5.Condition of Premises. Tenant acknowledges that (a) it is in possession of and is fully familiar with the condition of the Premises and agrees to take the same in its condition “as is” as of the Extension Term Commencement Date, and (b) Landlord shall have no obligation to alter, repair or otherwise prepare the Premises for Tenant’s continued occupancy for the Extension Term or to pay for any improvements to the Premises.
6.Landlord Access: Landlord shall have the right to access the Premises upon twenty-four (24) hours’ prior notice for the purpose of touring prospective tenants and accommodating Premises inquiries; provided, however, (i) Tenant shall have the opportunity to have a representative of Tenant accompany Landlord when present in the Premises, and (ii) Landlord shall make such showing as expeditious and brief as reasonably possible and shall use commercially reasonable efforts not to disturb Tenant’s operation of its business from the Premises.
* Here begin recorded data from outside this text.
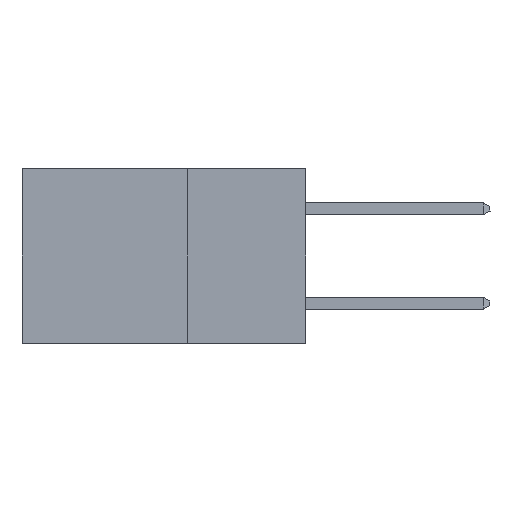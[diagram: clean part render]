
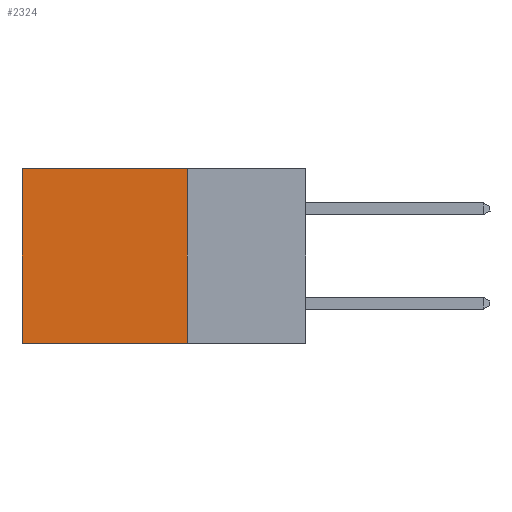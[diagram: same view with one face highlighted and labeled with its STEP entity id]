
A CAD part, left-side view. The second image highlights one B-rep face of the part: STEP entity #2324.
In plain terms, the highlighted planar face has unit normal (-1, 0, 0).
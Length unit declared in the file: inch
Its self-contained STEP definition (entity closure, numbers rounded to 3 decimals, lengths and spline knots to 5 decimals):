
#793 = VECTOR ( 'NONE', #5363, 39.37008 ) ;
#869 = EDGE_LOOP ( 'NONE', ( #13090, #16657, #12620, #13613 ) ) ;
#2324 = ADVANCED_FACE ( 'NONE', ( #2886 ), #15952, .F. ) ;
#2773 = CARTESIAN_POINT ( 'NONE',  ( 0.298, 0.25, -0.37 ) ) ;
#2886 = FACE_OUTER_BOUND ( 'NONE', #869, .T. ) ;
#4107 = VECTOR ( 'NONE', #10382, 39.37008 ) ;
#4457 = EDGE_CURVE ( 'NONE', #7975, #15822, #17148, .T. ) ;
#5123 = DIRECTION ( 'NONE',  ( 0., 0., -1. ) ) ;
#5332 = DIRECTION ( 'NONE',  ( 0., 0., -1. ) ) ;
#5363 = DIRECTION ( 'NONE',  ( 0., 0., -1. ) ) ;
#5731 = VECTOR ( 'NONE', #15636, 39.37008 ) ;
#6397 = VERTEX_POINT ( 'NONE', #19401 ) ;
#6418 = CARTESIAN_POINT ( 'NONE',  ( 0.298, 0.25, 0. ) ) ;
#7181 = CARTESIAN_POINT ( 'NONE',  ( 0.298, 0.6, 0. ) ) ;
#7840 = VECTOR ( 'NONE', #5123, 39.37008 ) ;
#7947 = CARTESIAN_POINT ( 'NONE',  ( 0.298, 0.25, 0. ) ) ;
#7975 = VERTEX_POINT ( 'NONE', #7947 ) ;
#8293 = DIRECTION ( 'NONE',  ( 1., 0., 0. ) ) ;
#10091 = AXIS2_PLACEMENT_3D ( 'NONE', #14552, #8293, #5332 ) ;
#10382 = DIRECTION ( 'NONE',  ( 0., 1., 0. ) ) ;
#10462 = CARTESIAN_POINT ( 'NONE',  ( 0.298, 0.6, -0.37 ) ) ;
#10907 = CARTESIAN_POINT ( 'NONE',  ( 0.298, 0.25, -0.37 ) ) ;
#12102 = CARTESIAN_POINT ( 'NONE',  ( 0.298, 0.25, 0. ) ) ;
#12620 = ORIENTED_EDGE ( 'NONE', *, *, #4457, .F. ) ;
#13090 = ORIENTED_EDGE ( 'NONE', *, *, #16372, .T. ) ;
#13613 = ORIENTED_EDGE ( 'NONE', *, *, #14948, .T. ) ;
#14552 = CARTESIAN_POINT ( 'NONE',  ( 0.298, 0.25, 0. ) ) ;
#14948 = EDGE_CURVE ( 'NONE', #7975, #6397, #15079, .T. ) ;
#15079 = LINE ( 'NONE', #12102, #4107 ) ;
#15636 = DIRECTION ( 'NONE',  ( 0., 1., 0. ) ) ;
#15756 = LINE ( 'NONE', #7181, #793 ) ;
#15822 = VERTEX_POINT ( 'NONE', #2773 ) ;
#15952 = PLANE ( 'NONE',  #10091 ) ;
#16372 = EDGE_CURVE ( 'NONE', #6397, #17499, #15756, .T. ) ;
#16461 = LINE ( 'NONE', #10907, #5731 ) ;
#16632 = EDGE_CURVE ( 'NONE', #15822, #17499, #16461, .T. ) ;
#16657 = ORIENTED_EDGE ( 'NONE', *, *, #16632, .F. ) ;
#17148 = LINE ( 'NONE', #6418, #7840 ) ;
#17499 = VERTEX_POINT ( 'NONE', #10462 ) ;
#19401 = CARTESIAN_POINT ( 'NONE',  ( 0.298, 0.6, 0. ) ) ;

7.Broker. Tenant represents and warrants that it has not dealt with any broker or agent in the negotiation for or the obtaining of this Amendment, other than Xxxxxxx & Wakefield (“Tenant’s Broker”) and CBRE, Inc. (“Landlord’s Broker”, together with Tenant’s Broker, “Brokers”). Tenant agrees to reimburse, indemnify, save, defend (at Landlord’s option and with counsel reasonably acceptable to Landlord, at Tenant’s sole cost and expense) and hold harmless the Landlord Indemnitees for, from and against any and all cost or liability for compensation claimed by any such broker or agent, other than Brokers, employed or engaged by it or claiming to have been employed or engaged by it. Brokers are entitled to a leasing commission in connection with the making of this Amendment, and Landlord shall pay such commission to Brokers pursuant to a separate agreement between Landlord and Brokers.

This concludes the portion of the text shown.